The next morning, the fellows discussed with Apollo N Makubaya, the author of “Protection, Patronage, Or Plunder?”, the necessity of understanding the past for finding solutions to Africa’s challenges. The fellows underlined: “We need to be radical enough to change the system left behind by colonialism.”

Together with Lucy Mbabazi, the participants examined the characteristics a servant leader must have, like openness, creating a culture of trust, empowering others and long-term thinking. Subsequently, this stimulated discussions on how to balance persuasion and commanding as a leader and if there is room for force in leadership.

The most outstanding part of the weekend was the Graduation Ceremony. Besides various fellows who showcased the impact YELP had on their personal growth, further stakeholders expressed their wishes and advices for the participants.  William Babigumira, one of the board members of the Institute, reminded the fellows to keep the network alive. Barbara Kasekende from the Stanbic Bank supported the fellows to ignore “the background noise from the people who don’t understand your vision” and Donnas Ojok from KAS appealed to the fellows “to step out of the YELP bubble” in order to achieve significance in society.  Valedictorian Wanjuhi Njoroge gave a powerful account of the impact YELP has had on her and the value of the networks she has formed.

On Sunday, the last day of the seminar, Danstan Mugarura, an Entrepreneur & Marketing Coach, advised the fellows in an interactive session to leverage their fears and encouraged them in becoming a voice of hope to “change the narrative of Africa”.

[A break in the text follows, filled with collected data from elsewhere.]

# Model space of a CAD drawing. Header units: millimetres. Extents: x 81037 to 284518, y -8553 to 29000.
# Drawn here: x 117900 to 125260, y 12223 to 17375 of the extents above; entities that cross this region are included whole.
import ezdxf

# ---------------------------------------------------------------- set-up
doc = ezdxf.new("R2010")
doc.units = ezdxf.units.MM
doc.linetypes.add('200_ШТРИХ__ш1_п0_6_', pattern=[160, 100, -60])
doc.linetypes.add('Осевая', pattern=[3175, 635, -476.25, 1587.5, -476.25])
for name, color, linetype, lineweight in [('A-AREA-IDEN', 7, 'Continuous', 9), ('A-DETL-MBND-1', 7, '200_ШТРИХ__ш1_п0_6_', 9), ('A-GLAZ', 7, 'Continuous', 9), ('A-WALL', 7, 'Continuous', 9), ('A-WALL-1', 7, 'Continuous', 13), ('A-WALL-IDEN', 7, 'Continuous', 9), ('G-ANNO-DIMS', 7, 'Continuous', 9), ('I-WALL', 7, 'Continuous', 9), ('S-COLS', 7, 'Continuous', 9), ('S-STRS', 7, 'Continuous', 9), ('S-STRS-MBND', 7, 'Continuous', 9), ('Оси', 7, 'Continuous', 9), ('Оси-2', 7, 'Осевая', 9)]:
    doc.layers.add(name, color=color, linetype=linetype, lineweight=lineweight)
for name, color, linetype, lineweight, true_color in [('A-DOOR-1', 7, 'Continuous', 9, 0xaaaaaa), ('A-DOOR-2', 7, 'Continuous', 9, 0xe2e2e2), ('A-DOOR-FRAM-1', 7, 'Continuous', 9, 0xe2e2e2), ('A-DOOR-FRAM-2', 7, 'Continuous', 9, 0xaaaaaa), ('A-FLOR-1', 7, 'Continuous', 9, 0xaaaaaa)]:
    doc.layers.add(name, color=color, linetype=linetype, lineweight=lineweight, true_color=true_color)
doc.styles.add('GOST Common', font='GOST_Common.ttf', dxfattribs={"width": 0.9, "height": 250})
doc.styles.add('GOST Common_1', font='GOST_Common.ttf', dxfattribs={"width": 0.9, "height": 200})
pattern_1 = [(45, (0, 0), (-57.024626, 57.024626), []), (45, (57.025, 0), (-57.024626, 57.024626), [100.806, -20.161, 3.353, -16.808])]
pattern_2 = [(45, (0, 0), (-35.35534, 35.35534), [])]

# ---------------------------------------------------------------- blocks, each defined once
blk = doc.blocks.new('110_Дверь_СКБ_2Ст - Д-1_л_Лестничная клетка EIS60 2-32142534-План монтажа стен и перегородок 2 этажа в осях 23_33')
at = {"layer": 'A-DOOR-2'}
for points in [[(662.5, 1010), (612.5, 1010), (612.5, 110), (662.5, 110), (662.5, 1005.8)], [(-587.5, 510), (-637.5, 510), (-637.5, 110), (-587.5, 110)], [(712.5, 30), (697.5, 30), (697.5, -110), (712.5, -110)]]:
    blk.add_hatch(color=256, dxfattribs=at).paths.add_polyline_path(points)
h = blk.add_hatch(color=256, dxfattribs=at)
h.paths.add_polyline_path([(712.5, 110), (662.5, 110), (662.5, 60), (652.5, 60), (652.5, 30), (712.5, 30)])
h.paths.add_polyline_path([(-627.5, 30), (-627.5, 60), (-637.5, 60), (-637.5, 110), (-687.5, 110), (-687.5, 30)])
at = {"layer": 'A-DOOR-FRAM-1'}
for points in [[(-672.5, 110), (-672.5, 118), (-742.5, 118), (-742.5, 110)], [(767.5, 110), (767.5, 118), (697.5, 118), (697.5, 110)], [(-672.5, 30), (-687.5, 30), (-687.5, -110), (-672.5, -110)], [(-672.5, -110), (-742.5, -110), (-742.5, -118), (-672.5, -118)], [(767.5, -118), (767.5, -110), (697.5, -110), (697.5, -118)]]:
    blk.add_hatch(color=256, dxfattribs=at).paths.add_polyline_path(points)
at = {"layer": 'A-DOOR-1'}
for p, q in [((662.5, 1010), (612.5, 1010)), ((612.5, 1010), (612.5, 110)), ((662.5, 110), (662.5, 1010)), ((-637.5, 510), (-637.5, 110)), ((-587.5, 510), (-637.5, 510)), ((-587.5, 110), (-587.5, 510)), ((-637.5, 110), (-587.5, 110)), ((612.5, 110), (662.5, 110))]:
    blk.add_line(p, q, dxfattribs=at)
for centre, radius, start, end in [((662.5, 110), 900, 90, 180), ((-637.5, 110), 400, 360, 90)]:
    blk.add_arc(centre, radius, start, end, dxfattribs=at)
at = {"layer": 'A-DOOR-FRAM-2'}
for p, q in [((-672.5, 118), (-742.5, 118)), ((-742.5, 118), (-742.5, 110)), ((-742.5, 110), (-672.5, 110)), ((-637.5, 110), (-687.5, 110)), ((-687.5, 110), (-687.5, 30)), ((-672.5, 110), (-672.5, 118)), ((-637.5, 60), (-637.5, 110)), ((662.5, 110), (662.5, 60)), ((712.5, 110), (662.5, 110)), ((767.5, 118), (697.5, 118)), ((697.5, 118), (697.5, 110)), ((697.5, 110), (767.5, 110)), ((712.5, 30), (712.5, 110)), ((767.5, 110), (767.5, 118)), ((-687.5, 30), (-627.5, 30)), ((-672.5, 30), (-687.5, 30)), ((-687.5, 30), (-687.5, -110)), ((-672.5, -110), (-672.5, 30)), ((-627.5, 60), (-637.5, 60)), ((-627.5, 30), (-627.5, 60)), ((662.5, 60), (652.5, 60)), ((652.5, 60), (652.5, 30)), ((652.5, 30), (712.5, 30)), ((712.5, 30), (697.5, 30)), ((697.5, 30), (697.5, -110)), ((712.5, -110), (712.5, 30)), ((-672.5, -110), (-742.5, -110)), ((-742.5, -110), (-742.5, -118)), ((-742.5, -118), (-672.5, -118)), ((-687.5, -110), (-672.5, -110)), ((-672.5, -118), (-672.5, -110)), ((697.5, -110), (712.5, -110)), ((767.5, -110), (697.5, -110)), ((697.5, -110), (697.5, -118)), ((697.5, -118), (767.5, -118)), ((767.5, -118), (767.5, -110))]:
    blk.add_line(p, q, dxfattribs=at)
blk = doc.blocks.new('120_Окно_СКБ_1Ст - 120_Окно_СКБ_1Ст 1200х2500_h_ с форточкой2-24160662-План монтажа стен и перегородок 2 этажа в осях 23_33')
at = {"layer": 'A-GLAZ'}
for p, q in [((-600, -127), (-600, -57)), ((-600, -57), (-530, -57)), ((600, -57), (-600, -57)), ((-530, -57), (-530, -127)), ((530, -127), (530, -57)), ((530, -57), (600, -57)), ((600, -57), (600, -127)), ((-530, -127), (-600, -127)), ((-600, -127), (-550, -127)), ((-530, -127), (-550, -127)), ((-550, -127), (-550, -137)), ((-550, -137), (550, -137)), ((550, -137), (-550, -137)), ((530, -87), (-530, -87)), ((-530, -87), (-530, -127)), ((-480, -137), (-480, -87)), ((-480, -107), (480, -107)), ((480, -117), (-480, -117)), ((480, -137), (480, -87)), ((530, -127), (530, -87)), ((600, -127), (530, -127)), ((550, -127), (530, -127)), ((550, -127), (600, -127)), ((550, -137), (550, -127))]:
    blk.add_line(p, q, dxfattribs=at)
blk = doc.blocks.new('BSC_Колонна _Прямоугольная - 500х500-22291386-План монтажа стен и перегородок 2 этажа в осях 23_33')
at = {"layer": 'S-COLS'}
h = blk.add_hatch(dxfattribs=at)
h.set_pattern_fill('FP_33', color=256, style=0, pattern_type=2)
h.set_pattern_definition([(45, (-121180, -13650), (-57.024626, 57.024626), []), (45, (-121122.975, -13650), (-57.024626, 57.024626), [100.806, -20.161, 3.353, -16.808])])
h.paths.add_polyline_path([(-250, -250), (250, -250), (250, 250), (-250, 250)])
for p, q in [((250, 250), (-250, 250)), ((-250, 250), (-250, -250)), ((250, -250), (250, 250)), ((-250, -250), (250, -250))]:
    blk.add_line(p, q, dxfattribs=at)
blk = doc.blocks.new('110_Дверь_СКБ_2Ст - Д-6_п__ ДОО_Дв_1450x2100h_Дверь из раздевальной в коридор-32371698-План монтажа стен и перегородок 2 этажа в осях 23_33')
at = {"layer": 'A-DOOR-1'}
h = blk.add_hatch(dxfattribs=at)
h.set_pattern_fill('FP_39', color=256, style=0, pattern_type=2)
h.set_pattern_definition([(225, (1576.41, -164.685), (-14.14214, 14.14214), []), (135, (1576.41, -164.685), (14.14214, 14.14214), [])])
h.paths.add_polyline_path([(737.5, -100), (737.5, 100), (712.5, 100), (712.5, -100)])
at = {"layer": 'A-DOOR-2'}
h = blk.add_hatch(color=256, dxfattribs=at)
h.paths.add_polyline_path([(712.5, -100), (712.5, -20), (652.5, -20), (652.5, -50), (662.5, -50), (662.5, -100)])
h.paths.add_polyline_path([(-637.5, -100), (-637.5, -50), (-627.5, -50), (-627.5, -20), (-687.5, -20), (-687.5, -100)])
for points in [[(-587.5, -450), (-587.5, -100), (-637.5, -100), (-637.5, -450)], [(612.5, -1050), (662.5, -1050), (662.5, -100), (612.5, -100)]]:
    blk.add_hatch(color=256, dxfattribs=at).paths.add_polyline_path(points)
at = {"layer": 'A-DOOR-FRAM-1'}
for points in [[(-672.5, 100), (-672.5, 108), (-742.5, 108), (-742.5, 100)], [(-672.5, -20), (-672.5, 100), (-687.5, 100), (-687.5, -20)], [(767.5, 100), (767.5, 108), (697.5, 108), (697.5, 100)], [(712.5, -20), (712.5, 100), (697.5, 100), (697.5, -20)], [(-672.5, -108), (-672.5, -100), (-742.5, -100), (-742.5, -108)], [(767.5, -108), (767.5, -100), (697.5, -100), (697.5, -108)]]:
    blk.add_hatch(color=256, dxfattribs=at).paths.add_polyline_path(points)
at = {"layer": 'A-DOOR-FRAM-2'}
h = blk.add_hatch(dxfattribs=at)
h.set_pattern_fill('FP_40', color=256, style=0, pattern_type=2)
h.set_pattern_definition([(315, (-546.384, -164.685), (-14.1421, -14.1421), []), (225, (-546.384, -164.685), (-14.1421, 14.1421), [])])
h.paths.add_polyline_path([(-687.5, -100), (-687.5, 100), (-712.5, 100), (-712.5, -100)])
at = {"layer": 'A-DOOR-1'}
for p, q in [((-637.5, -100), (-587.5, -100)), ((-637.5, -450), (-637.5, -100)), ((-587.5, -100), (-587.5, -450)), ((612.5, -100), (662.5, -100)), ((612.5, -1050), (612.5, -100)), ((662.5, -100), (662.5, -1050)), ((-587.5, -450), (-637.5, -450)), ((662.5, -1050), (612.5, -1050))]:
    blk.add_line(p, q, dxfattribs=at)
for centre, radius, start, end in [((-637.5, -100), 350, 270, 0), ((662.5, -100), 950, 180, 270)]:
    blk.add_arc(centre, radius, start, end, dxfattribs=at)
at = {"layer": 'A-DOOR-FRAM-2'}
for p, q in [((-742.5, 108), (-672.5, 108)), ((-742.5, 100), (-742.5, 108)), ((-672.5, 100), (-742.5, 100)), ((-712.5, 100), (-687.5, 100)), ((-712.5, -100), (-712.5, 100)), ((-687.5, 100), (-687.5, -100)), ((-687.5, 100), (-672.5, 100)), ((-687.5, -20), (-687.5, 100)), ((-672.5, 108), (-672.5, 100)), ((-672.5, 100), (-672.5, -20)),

“The dream of the East African Community – We are the ones who can make it happen”, Awel Uwihanganye stressed in the reflection session that closed the weekend. As the fellows underlined: “It may feel like it’s an end, but actually it’s a beginning. The real work begins now.” all of them seemed to have been strengthened in their vision to be a leader in the area they work in and to achieve significance in society.